The dehydration catalyst in the reaction vessel may optionally contain a binder and/or matrix material that is different from the oxide of the rare earth element. Non-limiting examples of binders that are useful alone or in combination include various types of hydrated alumina, silicas and/or other inorganic oxide sols, and carbon. Upon heating, the inorganic oxide sol, preferably having a low viscosity, is converted into an inorganic oxide binder component.
Where the dehydration catalyst contains a matrix material, this is preferably different from the rare earth element oxide and any binder. Non-limiting examples of matrix materials include clays or clay-type compositions.
The dehydration catalyst, including any binder or matrix materials, may be unsupported or supported. Non-limiting examples of suitable support materials include titania, alumina, zirconia, silica, carbons, zeolites, magnesium oxide, and mixtures thereof. Where the dehydration catalyst contains a binder, matrix or support material, the amount of halogenated rare earth element oxide (the active component of the catalyst) may be between 1 and 99 percent by weight based on the total weight of the catalyst (including the halogenated oxide, and any support, binder or matrix materials).

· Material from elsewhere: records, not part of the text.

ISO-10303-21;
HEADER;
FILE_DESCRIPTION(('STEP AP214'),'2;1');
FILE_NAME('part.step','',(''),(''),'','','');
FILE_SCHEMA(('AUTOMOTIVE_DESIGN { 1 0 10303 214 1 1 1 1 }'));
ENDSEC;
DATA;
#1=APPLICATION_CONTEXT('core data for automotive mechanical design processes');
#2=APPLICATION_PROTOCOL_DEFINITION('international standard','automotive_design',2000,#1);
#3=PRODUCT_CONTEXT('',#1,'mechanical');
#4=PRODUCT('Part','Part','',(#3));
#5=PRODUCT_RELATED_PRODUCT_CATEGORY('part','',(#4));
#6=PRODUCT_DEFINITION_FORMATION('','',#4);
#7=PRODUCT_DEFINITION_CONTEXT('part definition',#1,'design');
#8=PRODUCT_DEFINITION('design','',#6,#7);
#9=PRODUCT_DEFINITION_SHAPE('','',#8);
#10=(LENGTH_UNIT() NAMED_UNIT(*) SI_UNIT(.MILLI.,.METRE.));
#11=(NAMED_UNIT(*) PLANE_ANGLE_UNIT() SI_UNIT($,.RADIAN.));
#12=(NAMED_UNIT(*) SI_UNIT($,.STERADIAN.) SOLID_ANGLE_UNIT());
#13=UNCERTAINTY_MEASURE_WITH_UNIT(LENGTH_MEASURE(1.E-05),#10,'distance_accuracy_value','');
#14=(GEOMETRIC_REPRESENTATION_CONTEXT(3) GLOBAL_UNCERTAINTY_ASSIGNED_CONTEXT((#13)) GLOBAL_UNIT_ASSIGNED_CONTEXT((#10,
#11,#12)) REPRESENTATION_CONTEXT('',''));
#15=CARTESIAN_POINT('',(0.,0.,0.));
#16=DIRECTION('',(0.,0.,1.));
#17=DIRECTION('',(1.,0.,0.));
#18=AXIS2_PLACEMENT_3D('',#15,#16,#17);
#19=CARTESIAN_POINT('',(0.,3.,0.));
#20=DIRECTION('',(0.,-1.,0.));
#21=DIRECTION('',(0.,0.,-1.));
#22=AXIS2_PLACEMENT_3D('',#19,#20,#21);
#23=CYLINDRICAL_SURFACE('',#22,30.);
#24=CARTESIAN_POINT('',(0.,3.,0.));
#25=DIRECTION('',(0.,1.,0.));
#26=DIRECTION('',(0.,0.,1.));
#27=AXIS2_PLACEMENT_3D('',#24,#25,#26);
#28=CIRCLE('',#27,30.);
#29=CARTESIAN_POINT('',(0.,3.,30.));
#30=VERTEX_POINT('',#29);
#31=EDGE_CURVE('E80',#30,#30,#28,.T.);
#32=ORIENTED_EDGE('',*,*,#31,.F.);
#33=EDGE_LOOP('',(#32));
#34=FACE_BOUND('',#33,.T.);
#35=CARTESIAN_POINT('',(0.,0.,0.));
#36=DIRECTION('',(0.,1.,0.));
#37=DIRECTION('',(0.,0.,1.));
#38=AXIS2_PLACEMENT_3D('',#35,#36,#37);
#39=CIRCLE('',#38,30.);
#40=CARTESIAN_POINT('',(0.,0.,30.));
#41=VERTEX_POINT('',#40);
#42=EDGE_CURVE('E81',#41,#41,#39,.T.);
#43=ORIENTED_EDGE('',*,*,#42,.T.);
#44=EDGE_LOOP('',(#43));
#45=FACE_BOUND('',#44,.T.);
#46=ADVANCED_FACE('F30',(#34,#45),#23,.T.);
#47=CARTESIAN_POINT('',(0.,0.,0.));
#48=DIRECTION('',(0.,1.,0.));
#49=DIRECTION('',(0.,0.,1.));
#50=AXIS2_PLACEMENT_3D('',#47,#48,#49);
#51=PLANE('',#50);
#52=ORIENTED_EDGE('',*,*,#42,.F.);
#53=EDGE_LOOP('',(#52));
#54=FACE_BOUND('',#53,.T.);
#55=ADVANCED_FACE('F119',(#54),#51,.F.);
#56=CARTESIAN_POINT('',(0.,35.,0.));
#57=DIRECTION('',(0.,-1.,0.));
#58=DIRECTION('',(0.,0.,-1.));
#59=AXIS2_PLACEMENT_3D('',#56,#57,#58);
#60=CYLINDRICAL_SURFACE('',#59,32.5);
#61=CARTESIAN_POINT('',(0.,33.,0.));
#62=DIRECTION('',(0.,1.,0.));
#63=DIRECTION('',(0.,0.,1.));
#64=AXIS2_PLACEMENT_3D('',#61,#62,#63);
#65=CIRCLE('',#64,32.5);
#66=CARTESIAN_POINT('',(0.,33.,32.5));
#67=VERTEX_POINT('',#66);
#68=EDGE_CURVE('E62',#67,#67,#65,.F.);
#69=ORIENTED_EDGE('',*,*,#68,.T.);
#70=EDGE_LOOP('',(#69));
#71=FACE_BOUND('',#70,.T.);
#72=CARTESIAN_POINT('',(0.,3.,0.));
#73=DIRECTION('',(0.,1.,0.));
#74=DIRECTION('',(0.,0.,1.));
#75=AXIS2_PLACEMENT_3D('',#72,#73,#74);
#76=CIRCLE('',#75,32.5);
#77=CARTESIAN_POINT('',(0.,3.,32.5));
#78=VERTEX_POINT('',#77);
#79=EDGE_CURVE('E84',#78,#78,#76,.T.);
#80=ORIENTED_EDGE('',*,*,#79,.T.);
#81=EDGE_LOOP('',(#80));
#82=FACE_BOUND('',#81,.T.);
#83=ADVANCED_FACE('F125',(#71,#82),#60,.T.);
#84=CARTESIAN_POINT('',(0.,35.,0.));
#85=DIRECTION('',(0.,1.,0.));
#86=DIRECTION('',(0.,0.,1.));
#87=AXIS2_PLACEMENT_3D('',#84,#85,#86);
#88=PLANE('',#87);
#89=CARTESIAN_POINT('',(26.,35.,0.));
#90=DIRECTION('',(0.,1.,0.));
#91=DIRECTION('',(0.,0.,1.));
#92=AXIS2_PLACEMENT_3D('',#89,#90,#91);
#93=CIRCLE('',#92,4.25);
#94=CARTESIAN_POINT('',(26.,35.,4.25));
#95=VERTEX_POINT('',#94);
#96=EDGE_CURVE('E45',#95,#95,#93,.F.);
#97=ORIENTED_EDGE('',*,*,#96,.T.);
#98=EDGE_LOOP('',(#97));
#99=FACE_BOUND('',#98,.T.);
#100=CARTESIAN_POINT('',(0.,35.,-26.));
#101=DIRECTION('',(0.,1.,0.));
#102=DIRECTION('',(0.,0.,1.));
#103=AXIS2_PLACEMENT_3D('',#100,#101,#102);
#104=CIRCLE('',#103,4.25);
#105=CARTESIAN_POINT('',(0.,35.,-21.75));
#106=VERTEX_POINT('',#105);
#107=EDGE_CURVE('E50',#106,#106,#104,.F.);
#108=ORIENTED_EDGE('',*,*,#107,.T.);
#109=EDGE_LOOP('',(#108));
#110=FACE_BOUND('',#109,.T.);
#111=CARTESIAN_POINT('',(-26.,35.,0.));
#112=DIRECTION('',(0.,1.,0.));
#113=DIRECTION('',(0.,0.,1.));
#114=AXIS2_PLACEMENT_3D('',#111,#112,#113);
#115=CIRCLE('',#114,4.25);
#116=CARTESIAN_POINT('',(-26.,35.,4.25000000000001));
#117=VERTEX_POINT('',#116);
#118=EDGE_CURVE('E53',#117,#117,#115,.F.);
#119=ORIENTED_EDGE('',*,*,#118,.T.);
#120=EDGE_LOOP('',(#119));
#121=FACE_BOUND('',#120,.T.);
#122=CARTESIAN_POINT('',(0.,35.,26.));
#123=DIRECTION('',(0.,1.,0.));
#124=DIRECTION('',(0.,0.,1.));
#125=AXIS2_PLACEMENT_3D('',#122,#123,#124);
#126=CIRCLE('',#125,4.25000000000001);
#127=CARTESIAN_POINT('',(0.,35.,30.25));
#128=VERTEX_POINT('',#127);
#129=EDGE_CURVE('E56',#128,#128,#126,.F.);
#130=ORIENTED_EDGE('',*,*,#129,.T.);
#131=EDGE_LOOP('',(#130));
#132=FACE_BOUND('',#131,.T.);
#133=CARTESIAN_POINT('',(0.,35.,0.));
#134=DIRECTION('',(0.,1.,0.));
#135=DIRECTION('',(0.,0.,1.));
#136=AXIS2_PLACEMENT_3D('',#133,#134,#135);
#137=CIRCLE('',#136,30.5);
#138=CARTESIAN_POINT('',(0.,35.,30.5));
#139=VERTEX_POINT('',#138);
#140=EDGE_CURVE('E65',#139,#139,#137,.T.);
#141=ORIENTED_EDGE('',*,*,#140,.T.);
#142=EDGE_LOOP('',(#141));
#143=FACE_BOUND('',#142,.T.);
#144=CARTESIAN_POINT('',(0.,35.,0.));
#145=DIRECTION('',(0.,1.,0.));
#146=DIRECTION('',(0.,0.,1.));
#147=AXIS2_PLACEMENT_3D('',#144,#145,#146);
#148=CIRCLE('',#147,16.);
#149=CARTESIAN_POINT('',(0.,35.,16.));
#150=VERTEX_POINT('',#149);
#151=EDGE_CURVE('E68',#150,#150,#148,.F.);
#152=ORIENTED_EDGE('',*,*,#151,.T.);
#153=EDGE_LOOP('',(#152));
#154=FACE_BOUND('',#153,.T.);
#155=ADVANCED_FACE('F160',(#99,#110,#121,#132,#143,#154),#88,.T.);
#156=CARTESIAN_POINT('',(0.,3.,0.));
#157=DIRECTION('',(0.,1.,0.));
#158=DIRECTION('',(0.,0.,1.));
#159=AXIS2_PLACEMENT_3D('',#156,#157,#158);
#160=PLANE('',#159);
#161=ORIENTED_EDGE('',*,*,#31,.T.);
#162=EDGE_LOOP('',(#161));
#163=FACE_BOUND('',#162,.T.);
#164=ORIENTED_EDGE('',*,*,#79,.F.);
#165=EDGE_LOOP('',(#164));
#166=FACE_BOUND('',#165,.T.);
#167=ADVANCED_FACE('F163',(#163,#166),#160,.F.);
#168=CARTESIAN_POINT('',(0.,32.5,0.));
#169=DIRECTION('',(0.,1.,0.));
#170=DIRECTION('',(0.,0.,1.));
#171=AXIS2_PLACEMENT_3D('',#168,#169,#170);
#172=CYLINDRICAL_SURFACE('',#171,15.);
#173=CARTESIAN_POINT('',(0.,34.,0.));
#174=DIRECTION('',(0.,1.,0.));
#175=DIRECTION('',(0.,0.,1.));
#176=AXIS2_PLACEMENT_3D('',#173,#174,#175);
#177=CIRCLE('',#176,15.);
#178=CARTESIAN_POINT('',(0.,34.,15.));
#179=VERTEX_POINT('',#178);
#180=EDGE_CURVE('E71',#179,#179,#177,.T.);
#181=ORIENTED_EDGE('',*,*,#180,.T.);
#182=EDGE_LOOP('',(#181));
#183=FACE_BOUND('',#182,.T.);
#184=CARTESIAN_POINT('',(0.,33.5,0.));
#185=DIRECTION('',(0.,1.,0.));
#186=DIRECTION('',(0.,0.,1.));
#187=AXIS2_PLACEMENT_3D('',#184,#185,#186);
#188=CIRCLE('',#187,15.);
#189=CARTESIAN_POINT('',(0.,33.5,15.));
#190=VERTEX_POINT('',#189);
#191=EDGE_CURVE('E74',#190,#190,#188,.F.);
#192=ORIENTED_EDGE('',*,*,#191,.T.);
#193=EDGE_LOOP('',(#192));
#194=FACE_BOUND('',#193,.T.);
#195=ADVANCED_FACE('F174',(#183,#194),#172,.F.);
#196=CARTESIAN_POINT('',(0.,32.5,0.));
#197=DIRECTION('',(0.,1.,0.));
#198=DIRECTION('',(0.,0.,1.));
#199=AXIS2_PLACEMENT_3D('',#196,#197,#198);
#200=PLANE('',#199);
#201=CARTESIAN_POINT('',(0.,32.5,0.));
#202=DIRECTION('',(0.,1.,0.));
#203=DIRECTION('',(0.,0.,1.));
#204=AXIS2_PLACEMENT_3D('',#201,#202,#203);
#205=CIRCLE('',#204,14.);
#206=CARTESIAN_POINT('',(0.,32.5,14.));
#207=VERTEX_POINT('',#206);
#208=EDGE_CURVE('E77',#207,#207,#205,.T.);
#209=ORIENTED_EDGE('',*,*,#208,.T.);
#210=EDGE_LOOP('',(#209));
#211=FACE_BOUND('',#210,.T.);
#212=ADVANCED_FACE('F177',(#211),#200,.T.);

The dehydration catalyst may be subjected to a calcination step prior to use by heating at elevated temperature. Such calcination may render the catalyst more active and/or selective. In some embodiments, calcination is carried out by heating the material at a temperature of 200° C. or greater, alternatively 400° C. or greater, alternatively 450° C. or greater, or alternatively 500° C. or greater. While there is no specific upper limit on the calcination temperature, the material should be calcined at a temperature below the temperature at which the halide begins to decomposes back to the oxide. Such heating may be continued, for instance, for 30 minutes to 1 hour or more.
The dehydration catalyst may be formed into various shapes and sizes for ease of handling. For instance, the catalyst (plus any binder, matrix, or support) may be in the form of pellets, spheres, or other shapes commonly used in the industry.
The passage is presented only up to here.